● TASK TO COMPLETE
The lines to repeat are those below from the one containing "Major hardware revision, project" down to the one containing "- Optimized power", both included; reproduce them exactly and nothing else.

*** EXERCISE INPUT ***

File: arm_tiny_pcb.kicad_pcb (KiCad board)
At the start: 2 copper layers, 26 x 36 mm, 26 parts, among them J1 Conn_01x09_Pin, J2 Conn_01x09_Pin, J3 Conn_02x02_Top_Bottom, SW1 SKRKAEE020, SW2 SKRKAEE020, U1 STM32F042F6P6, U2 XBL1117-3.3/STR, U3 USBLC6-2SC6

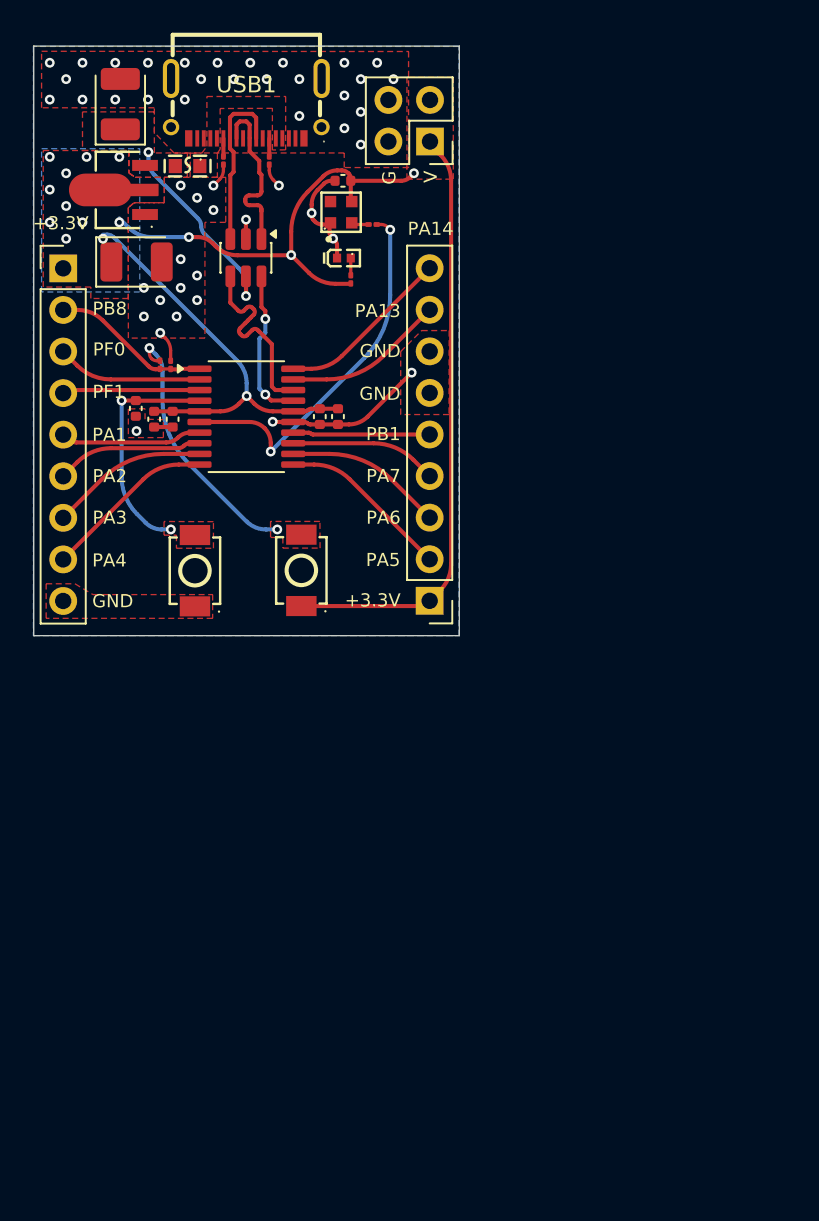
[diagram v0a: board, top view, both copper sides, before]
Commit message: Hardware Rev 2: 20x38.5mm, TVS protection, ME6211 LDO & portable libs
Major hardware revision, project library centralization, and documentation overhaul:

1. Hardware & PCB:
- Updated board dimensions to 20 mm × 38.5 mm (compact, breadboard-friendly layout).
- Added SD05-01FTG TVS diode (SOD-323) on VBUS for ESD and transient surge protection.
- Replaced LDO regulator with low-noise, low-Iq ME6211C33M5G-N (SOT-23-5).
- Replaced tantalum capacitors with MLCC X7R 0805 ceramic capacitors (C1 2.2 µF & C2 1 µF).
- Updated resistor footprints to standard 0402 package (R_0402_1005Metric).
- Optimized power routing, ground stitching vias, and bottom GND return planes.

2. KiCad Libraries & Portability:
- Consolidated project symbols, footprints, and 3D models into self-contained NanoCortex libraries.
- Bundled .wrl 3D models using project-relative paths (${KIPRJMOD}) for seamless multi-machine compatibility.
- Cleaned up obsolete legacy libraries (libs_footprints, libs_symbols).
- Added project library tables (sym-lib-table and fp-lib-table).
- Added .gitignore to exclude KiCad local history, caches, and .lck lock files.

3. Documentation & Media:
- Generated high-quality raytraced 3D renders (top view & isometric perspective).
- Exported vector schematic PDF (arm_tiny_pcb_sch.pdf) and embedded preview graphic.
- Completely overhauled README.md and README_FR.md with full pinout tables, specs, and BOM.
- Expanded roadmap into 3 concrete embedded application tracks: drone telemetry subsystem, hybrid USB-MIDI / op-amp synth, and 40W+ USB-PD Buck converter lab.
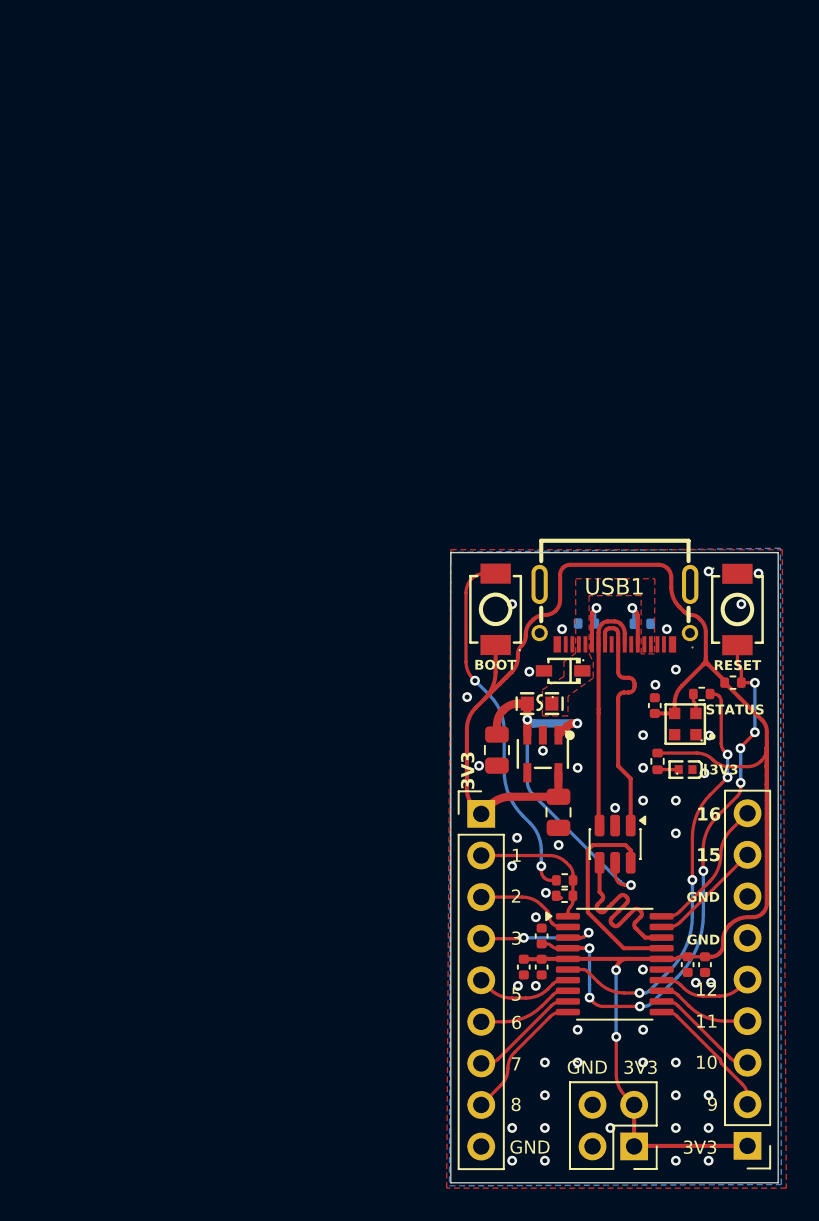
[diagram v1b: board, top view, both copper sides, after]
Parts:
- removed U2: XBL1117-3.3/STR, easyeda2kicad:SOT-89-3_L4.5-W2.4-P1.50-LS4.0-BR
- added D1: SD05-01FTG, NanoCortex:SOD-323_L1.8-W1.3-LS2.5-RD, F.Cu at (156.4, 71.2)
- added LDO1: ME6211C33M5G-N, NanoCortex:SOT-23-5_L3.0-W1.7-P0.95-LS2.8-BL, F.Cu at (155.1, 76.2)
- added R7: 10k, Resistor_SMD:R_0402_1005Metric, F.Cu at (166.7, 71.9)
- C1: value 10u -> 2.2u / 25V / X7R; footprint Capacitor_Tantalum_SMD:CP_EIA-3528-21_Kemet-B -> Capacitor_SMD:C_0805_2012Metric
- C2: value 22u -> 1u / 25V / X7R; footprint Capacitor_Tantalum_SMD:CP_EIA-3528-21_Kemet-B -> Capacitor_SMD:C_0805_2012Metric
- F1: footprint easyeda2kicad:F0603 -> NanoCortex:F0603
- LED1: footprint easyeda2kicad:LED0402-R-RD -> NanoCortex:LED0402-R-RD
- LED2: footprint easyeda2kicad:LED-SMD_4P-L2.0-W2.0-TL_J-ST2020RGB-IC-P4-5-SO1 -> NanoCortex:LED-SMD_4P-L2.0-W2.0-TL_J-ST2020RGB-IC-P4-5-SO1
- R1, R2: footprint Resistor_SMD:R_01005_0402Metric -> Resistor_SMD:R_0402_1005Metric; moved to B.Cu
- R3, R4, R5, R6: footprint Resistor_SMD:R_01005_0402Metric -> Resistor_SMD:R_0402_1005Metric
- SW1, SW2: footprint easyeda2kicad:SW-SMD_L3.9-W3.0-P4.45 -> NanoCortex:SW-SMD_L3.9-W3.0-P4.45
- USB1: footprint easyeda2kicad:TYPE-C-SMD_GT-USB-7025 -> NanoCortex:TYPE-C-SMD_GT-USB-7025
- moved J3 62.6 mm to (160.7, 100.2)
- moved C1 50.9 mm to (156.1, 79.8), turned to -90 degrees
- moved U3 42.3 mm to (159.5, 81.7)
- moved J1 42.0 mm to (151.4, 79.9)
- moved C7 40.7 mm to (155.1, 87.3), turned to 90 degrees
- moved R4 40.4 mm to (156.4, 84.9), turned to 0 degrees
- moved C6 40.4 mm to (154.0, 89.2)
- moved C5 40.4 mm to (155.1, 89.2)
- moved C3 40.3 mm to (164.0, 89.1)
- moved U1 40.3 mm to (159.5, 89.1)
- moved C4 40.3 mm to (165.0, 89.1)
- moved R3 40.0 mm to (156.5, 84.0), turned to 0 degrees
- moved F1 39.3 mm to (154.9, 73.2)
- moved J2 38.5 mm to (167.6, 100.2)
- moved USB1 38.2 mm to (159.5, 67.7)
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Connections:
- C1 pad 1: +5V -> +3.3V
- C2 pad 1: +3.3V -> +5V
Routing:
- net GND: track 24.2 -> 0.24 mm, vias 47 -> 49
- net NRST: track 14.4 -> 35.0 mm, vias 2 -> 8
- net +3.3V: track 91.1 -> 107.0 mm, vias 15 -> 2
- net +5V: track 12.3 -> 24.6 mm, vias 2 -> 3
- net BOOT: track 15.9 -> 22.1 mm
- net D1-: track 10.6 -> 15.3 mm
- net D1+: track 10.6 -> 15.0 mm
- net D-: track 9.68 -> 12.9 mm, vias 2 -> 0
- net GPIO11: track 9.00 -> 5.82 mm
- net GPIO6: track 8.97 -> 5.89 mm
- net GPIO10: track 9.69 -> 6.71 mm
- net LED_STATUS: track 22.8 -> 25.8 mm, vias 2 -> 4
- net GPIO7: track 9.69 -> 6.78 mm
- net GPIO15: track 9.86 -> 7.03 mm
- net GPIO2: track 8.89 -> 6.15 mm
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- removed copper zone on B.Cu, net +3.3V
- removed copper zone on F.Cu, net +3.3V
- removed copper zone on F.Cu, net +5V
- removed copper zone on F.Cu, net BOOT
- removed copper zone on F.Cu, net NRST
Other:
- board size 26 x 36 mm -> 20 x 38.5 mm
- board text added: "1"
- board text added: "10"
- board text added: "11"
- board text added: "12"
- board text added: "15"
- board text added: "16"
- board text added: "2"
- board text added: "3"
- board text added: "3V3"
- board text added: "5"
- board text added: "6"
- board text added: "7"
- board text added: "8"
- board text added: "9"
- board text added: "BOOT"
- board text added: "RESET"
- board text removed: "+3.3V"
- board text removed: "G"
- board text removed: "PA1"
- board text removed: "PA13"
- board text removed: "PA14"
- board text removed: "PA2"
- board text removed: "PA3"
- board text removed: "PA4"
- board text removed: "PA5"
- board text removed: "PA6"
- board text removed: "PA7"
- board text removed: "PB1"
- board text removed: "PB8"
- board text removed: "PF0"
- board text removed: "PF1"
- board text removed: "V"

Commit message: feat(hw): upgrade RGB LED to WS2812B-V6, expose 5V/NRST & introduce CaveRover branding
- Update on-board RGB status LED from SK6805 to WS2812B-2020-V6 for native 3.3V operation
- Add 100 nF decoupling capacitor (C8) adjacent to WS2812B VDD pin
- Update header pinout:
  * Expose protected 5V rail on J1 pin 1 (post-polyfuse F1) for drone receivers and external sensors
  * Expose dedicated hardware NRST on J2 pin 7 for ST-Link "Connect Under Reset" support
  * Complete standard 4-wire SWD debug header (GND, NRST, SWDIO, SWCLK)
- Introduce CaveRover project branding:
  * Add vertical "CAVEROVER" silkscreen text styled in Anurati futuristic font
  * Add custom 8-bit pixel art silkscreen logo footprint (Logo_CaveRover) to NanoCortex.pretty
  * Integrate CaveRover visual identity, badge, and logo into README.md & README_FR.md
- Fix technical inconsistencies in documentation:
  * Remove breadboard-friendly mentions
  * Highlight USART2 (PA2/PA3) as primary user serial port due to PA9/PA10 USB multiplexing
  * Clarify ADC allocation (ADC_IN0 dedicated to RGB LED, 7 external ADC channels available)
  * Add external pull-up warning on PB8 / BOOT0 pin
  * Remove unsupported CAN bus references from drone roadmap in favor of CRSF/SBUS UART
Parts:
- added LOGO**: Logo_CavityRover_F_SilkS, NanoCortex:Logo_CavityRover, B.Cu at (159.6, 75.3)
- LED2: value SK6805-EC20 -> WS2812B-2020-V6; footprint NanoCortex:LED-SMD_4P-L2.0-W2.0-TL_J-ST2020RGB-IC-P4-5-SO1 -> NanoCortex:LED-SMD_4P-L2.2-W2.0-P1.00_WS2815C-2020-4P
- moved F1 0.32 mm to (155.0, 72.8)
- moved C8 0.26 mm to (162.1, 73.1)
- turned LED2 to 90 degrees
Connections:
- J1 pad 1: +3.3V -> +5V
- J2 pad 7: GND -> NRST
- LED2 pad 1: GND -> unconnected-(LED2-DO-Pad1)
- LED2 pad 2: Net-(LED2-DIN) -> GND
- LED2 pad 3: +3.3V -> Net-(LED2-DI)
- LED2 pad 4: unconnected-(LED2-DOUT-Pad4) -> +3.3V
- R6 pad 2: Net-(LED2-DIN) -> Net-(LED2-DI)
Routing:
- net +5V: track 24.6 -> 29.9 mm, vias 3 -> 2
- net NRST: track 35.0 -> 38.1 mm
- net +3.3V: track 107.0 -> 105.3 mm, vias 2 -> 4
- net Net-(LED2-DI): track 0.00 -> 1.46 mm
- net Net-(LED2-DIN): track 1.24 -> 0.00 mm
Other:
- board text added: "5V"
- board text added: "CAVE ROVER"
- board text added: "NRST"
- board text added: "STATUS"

*** End of EXERCISE INPUT ***

● RESPONSE TO THIS EXERCISE
Major hardware revision, project library centralization, and documentation overhaul:

1. Hardware & PCB:
- Updated board dimensions to 20 mm × 38.5 mm (compact, breadboard-friendly layout).
- Added SD05-01FTG TVS diode (SOD-323) on VBUS for ESD and transient surge protection.
- Replaced LDO regulator with low-noise, low-Iq ME6211C33M5G-N (SOT-23-5).
- Replaced tantalum capacitors with MLCC X7R 0805 ceramic capacitors (C1 2.2 µF & C2 1 µF).
- Updated resistor footprints to standard 0402 package (R_0402_1005Metric).
- Optimized power routing, ground stitching vias, and bottom GND return planes.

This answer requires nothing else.